Plan Calls for Squeezing Terns Off Island

by Staff
Lewiston Tribune, July 24, 2004

GRANTS PASS, Ore. -- Caspian terns that eat young salmon would be squeezed off a Columbia River island in hopes they find new nesting grounds as far away as San Francisco Bay under a plan proposed Friday by the U.S. Fish and Wildlife Service.

The draft management plan was prompted by a lawsuit brought by wildlife groups. It calls for shrinking the sandy expanses favored by the birds for nesting on East Sand Island in the Columbia River estuary and creating seven new nesting areas in Washington, Oregon and California at a cost of $2.7 million.

"We are hoping that when the birds are forced off East Sand Island they will be in this mode of searching out new sites," said Nanette Seto, the biologist in charge of the project for Fish and Wildlife.

Gerald Winegrad, vice president of the American Bird Conservancy, said they objected to the idea of shrinking the habitat on East Sand Island before terns moved to the new nesting islands.
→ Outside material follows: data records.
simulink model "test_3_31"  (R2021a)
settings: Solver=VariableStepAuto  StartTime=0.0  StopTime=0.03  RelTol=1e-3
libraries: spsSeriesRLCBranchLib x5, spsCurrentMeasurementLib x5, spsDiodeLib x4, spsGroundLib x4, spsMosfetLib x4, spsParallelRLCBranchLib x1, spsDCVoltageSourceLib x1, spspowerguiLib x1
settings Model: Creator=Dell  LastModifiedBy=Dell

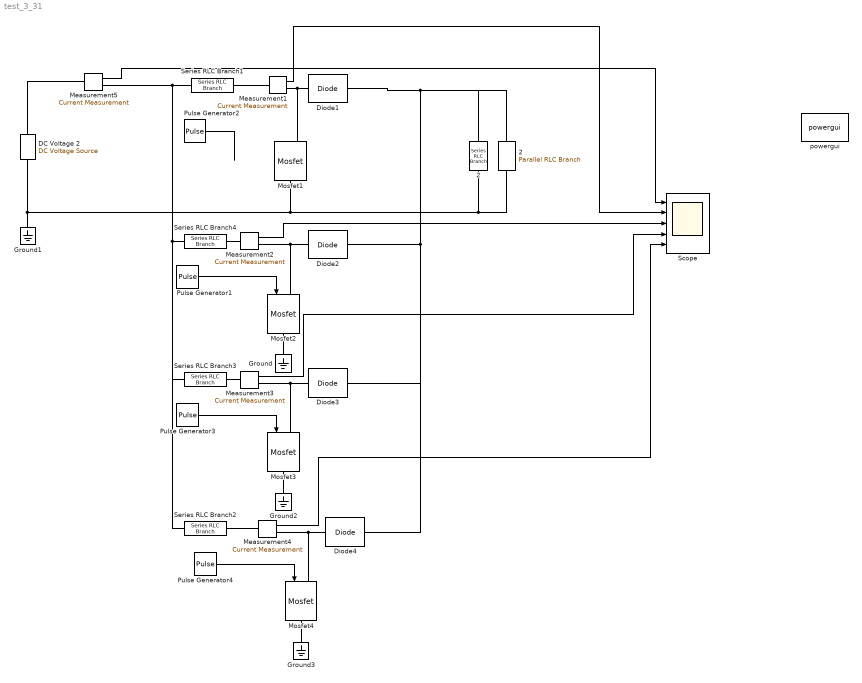
== system test_3_31 ==
  "    2" : spsSeriesRLCBranchLib/Series RLC Branch  LConnTagsString=__new0  RConnTagsString=__new0  BranchType=C  Resistance=0  Inductance=69e-3  SetiL0=off  InitialCurrent=0  Capacitance=3.2e-6  Setx0=off  InitialVoltage=0  Measurements=None
  "  2" : spsParallelRLCBranchLib/Parallel RLC Branch  LConnTagsString=a  RConnTagsString=__new0  BranchType=R  Resistance=120  Inductance=1e-3  SetiL0=off  InitialCurrent=0  Capacitance=1e-6  Setx0=off  InitialVoltage=0  Measurements=None
   Measurement{1..5} (5 alike) : spsCurrentMeasurementLib/Current Measurement  PhasorSimulation=off  OutputType=Complex  PSBequivalent=0
  DC Voltage 2 : spsDCVoltageSourceLib/DC Voltage Source  Amplitude=15  Measurements=Voltage
  Diode{1..4} (4 alike) : spsDiodeLib/Diode  Ron=0.001  Lon=0  Vf=0.8  IC=0  UseSnubber=off  Rs=inf  Cs=250e-9  Measurements=off
  Ground{,1..3} (4 alike) : spsGroundLib/Ground  LConnTagsString=a
  Mosfet{1..4} (4 alike) : spsMosfetLib/Mosfet  Ron=0.1  Lon=0  Rd=0.01  Vfd=0  IC=0  Rs=1e5  Cs=inf  Measurements=off
  Pulse Generator1 : DiscretePulseGenerator  PulseType=Time based  Period=1/100000  PulseWidth=60  PhaseDelay=1/400000
  Pulse Generator2 : DiscretePulseGenerator  PulseType=Time based  Period=1/100000  PulseWidth=60
  Pulse Generator3 : DiscretePulseGenerator  PulseType=Time based  Period=1/100000  PulseWidth=60  PhaseDelay=2/400000
  Pulse Generator4 : DiscretePulseGenerator  PulseType=Time based  Period=1/100000  PulseWidth=60  PhaseDelay=3/400000
  Scope : Scope  NumInputPorts=5
  Series RLC Branch{1..4} (4 alike) : spsSeriesRLCBranchLib/Series RLC Branch  LConnTagsString=__new0  RConnTagsString=__new0  BranchType=L  Resistance=0  Inductance=2.332e-3  SetiL0=off  InitialCurrent=0  Capacitance=1e-6  Setx0=off  InitialVoltage=0  Measurements=None
  powergui : spspowerguiLib/powergui  Priority=1  SimulationMode=Discrete  SampleTime=2.5e-8  frequency=60  Iterations=50  frequencyindice=0  Pbase=100e6  ErrMax=1e-4  UnitsV=kV  UnitsW=MW  buscounter=0  FunctionMessages=off  echomessages=off  EnableUseOfTLC=off  CurrentSourceSwitches=on  DisableSnubberDevices=off  DisableRonSwitches=off  DisableVfSwitches=off  DisplayEquations=off  AutomaticDiscreteSolvers=off  SolverType=Tustin  Interpol=off  ExternalGateDelay=off  methode=off  Ts=100  x0status=blocks  SPID=off  SwTol=0  HookPort=off  NonlinearTolerance=1e-4  nMaxIteration=100  ContinueOnMaxIteration=off  RestoreLinks=warning  ResistiveCurrentMeasurement=off  Frange=[0:2:500]  Ylog=off  Xlog=on  ShowGrid=off  save=off  variable=ZData  structure=ScopeData  ZoomFFT=off  StartTime=0.033333  cycles=1  DisplayStyle=1  fundamental=300000  FreqAxis=on  MaxFrequency=300000  frequencyindicesteady=1  RmsSteady=1  display=off
  wires:
  Pulse Generator2/1 -> ?
  Pulse Generator1/1 -> Mosfet2/1
  " Measurement1"/1 -> Scope/2
  " Measurement2"/1 -> Scope/3
  Pulse Generator3/1 -> Mosfet3/1
  " Measurement3"/1 -> Scope/4
  Pulse Generator4/1 -> Mosfet4/1
  " Measurement4"/1 -> Scope/5
  " Measurement5"/1 -> Scope/1
  connections:
  " Measurement1"/RConn1 -- Mosfet1/LConn1 -- Diode1/LConn1
  "    2"/RConn1 -- Mosfet1/RConn1 -- DC Voltage 2/LConn1 -- Ground1/LConn1 -- "  2"/RConn1
  Diode1/RConn1 -- "  2"/LConn1 -- "    2"/LConn1 -- Diode4/RConn1 -- Diode3/RConn1 -- Diode2/RConn1
  " Measurement1"/LConn1 -- Series RLC Branch1/RConn1
  Series RLC Branch4/LConn1 -- Series RLC Branch3/LConn1 -- Series RLC Branch2/LConn1 -- Series RLC Branch1/LConn1 -- " Measurement5"/RConn1
  Ground/LConn1 -- Mosfet2/RConn1
  Diode2/LConn1 -- " Measurement2"/RConn1 -- Mosfet2/LConn1
  " Measurement2"/LConn1 -- Series RLC Branch4/RConn1
  Diode3/LConn1 -- " Measurement3"/RConn1 -- Mosfet3/LConn1
  Series RLC Branch3/RConn1 -- " Measurement3"/LConn1
  Ground2/LConn1 -- Mosfet3/RConn1
  Diode4/LConn1 -- " Measurement4"/RConn1 -- Mosfet4/LConn1
  " Measurement4"/LConn1 -- Series RLC Branch2/RConn1
  Ground3/LConn1 -- Mosfet4/RConn1
  " Measurement5"/LConn1 -- DC Voltage 2/RConn1

They also would like to see East Sand Island designated as a national wildlife refuge.

Winegrad said the group has not analyzed the suitability of the new nesting sites, but is unhappy that closer sites in Grays Harbor and Willapa Bay in Washington were not considered on political grounds because of local opposition to terns eating salmon.

The 17,000 birds, which represent 70 percent of the West Coast population, were lured with recordings of bird calls and decoys to East Sand Island near the mouth of the Columbia from Rice Island after biologists found they were eating millions of young salmon migrating to the ocean.

Moving the birds 15 miles downriver from Rice Island in 1999 and 2000 reduced the numbers of salmon in the birds' diet, because they were eating other small fish as well. But having so many of them nesting in one place left them vulnerable to a catastrophic event, such as a storm or disease outbreak.

National Audubon and three other wildlife groups sued in 2000, arguing the U.S. Army Corps of Engineers and Fish and Wildlife failed to involve the public in developing the tern management plan as required by the National Environmental Policy Act. The relocation plan is part of the settlement.

If the plan gains final approval by February, work on developing the new nesting sites could begin in March, Seto said.

"It will probably be phased in based on funding," she said.

The plan calls for shrinking the bare sand area where the birds nest on East Sand Island from about four acres to about one acre over the course of three to five years by allowing grass to grow. Before shrinking the nesting area, Fish and Wildlife would create eight acres of new nesting areas.

One would be at Dungeness National Wildlife Refuge on Washington's Olympic Peninsula. Three would be in Oregon at Fern Ridge Reservoir, Summer Lake and Crum Lake. Three would be in San Francisco Bay on Brooks Island, Don Edwards National Wildlife Refuge, and Hayward Regional Shoreline.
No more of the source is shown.